Sorted by: Reset to default 5

The two rectangles divide the screen in 9 zones (not 14). Think again of your configurations:

 y1 -> |-------------|       
       |A            |        
 y2 -> |     |-------|----|   
       |     |B      |    |   
       |     |       |    |   
       |     |       |    |   
 y3 -> |-----|-------|    |   
             |            |
 y4 ->       |------------|
       ^     ^       ^    ^
       x1    x2      x3   x4

The x coordinates define 5 vertical bands, but the first (left) and last (right) are uninteresting, so you only need to work on the 3 bands from x1 to x4. Same for y coordinates: three horizontal bands from y1 to y4.

So that's 9 rectangular zones that belong to A, B, none or both. Your example is divided like this:

  |-----|-------|----|       
  |A    |A      |none| 
  |-----|-------|----|   
  |A    |Both   |B   |   
  |     |       |    |   
  |     |       |    |   
  |-----|-------|----|   
  |none |B      |B   |
  |-----|-------|----|

So paring the coordinates of A and B, you will find which of the 9 zones belong to only A. They are the zones to keep.

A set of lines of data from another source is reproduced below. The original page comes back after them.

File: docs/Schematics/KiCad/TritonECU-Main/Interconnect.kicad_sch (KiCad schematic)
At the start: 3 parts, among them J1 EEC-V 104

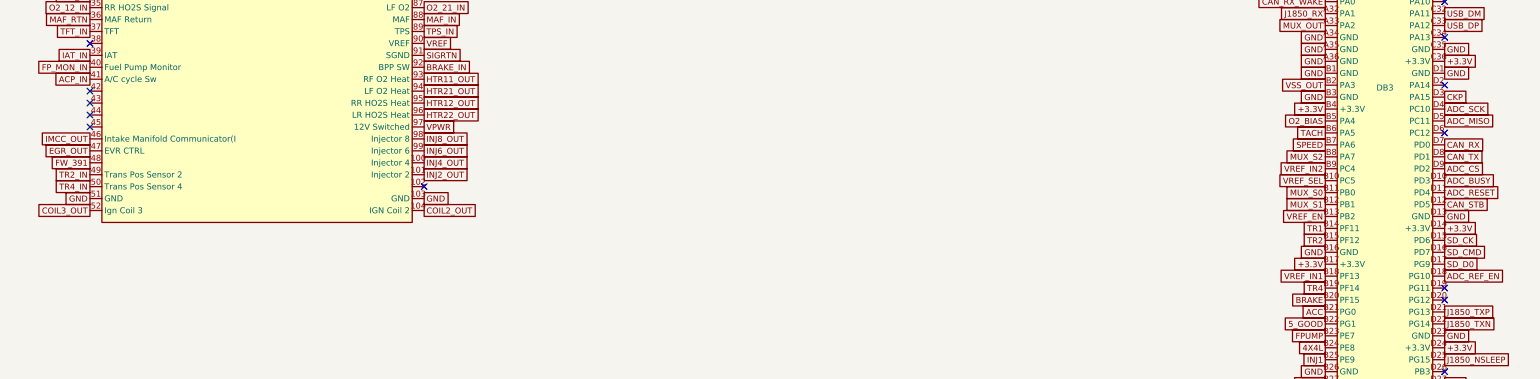
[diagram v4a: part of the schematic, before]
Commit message: Carrier: Comms sheet (SCP, CAN, USB-C, microSD)
SCP: DRV8837 (coast = passive, nSLEEP 10k low), 100R per line, NUP2105L;
TLV7031 RX with the corrected 100k:100k divider to GND, MM3Z3V3 clamps,
4.7M hysteresis, 100R + SMF3.3A out. CAN: TJA1042T/3, RXD also to PA0
WKUP1, split termination 2 x 60.4R + 4.7n, NUP2105L; bus on EEC-V 42/43
(added terminals, unused cavities). USB-C device (USB4105, 5.1k CC,
USBLC6-2SC6, VBUS sense). microSD Molex 104031 on SDMMC2 1-bit, powered
through a TPS22917 on SD_PWR_EN (PG11): 3.3 V is always on.

USB-C on the right board edge; microSD parked off-board (wider than the
free strip). Scoped DRC rule for the USB4105 land pattern.

Co-Authored-By: Claude Opus 5.5 <noreply@anthropic.com>
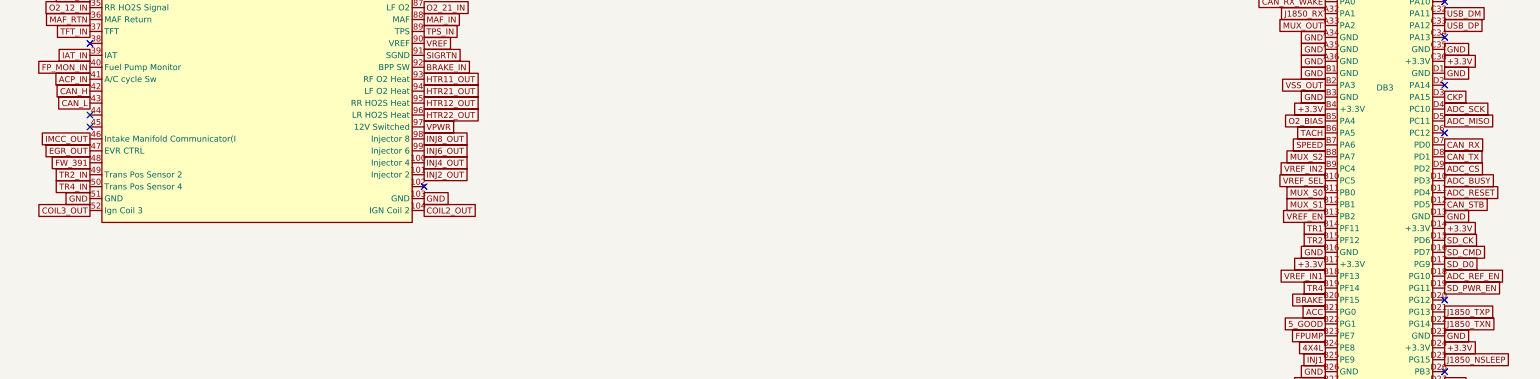
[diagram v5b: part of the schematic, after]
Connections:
- net CAN_H: now reaches J1.42
- net CAN_L: now reaches J1.43
- net SD_PWR_EN: now reaches DB3.D19 (PG11)
- no-connect marks 38 -> 35

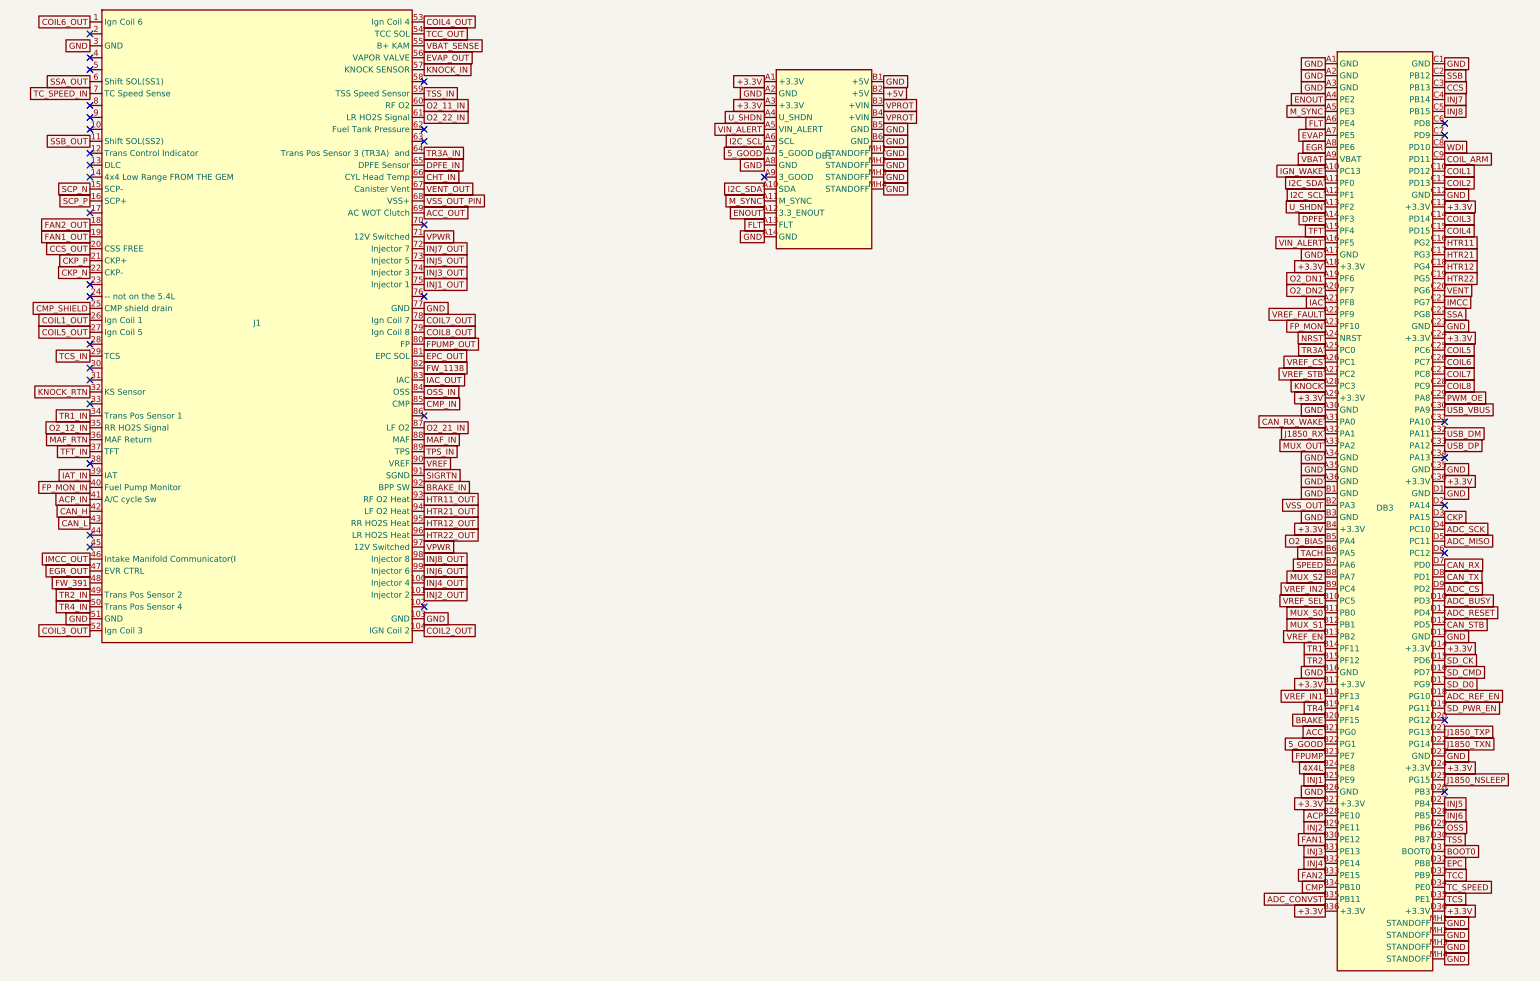
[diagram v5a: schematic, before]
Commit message: Carrier: Inputs sheet and switched rails for sleep
Inputs: one network per switch input - 4.7k pull-up to VPWR (ground-
switched only; VPWR so a TR bit closed in Park draws nothing parked),
SMF24A, 33k/15k, 10n, BAT54J to 3.3 V. TR1/2/4 and 4X4L ground-switched,
TR3A/BRAKE/ACP/TCS 12 V high-side. 4X4L mapped to EEC-V pin 14
(findings sec.14). IGN_WAKE from VPWR into PC13/WKUP4. TACH/SPEED bench
header, BOOT0 DFU solder jumper.

Switched rails: +5V and +3.3V stay up parked, so two TPS22917 load
switches on SW_RAIL_EN (PG12, 100k down) make +5V_SW / +3.3V_SW for the
running-only loads: 74HCT541 x3 and OE pull-ups, MAX9926 x3 and COUT
pull-ups, ADS8588H, OPA2376 x2, O2 bias, knock block, 74HC4051, TPS2H160B
FAULT pull-up, TFT pull-up. MCU, watchdog, CAN, SCP RX, clamps stay on.

gen_carrier_pcb.py: packer steps around existing parts, fills several
rects in turn, parks overflow below earlier parked parts.

Co-Authored-By: Claude Opus 5.5 <noreply@anthropic.com>
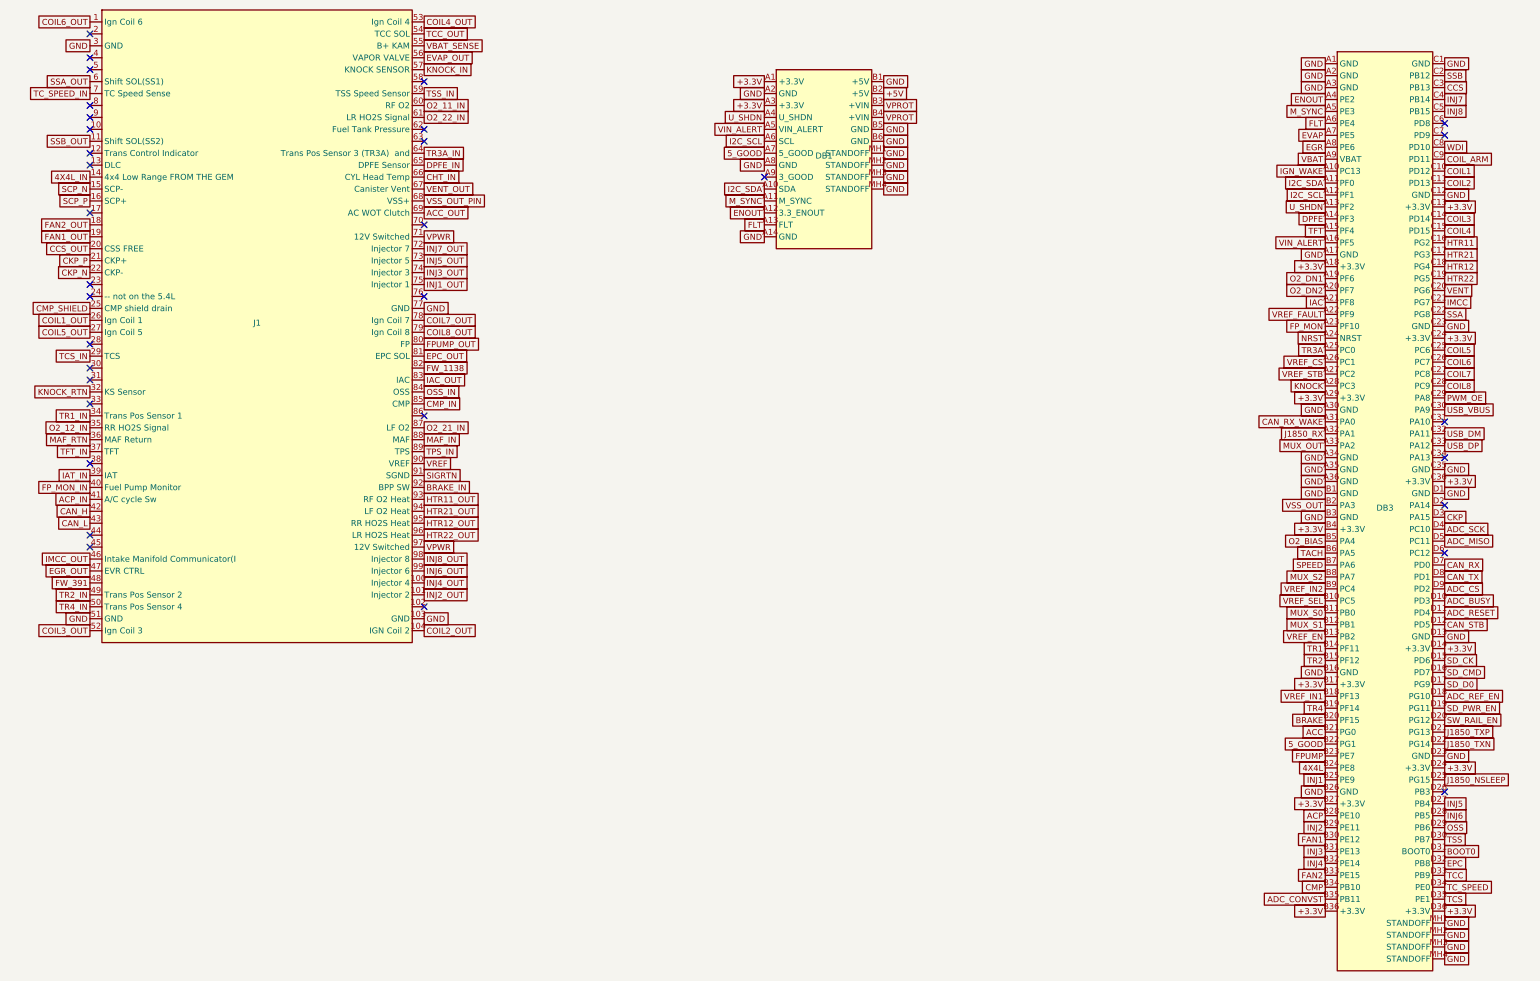
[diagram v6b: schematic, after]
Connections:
- net 4X4L_IN: now reaches J1.14 (4x4 Low Range FROM THE GEM)
- net SW_RAIL_EN: now reaches DB3.D20 (PG12)
- no-connect marks 35 -> 33

There will not be an unique solution for any particular setup, but you can easily find one of the solutions with this algorithm:

1. Find a rectangle within A that is above rectangle B. If the top of A is higher than B (i.e. has a lower value in px), there is such an rectangle. This rectangle is defined by: (left edge of A, top edge of A) to (right edge of A, top edge of B).
2. If the left edge of B is to the right of the left edge of A, the next rectangle is: (left edge of A, min(top edge of A, top edge of B)) to (left edge of B, max (bottom edge of A, bottom edge of B))
3. If the right edge of B is to the left of the right edge of B, similar to above
4. ...and the possible rectangle below B

In total, you will get from 0 to 4 rectangles.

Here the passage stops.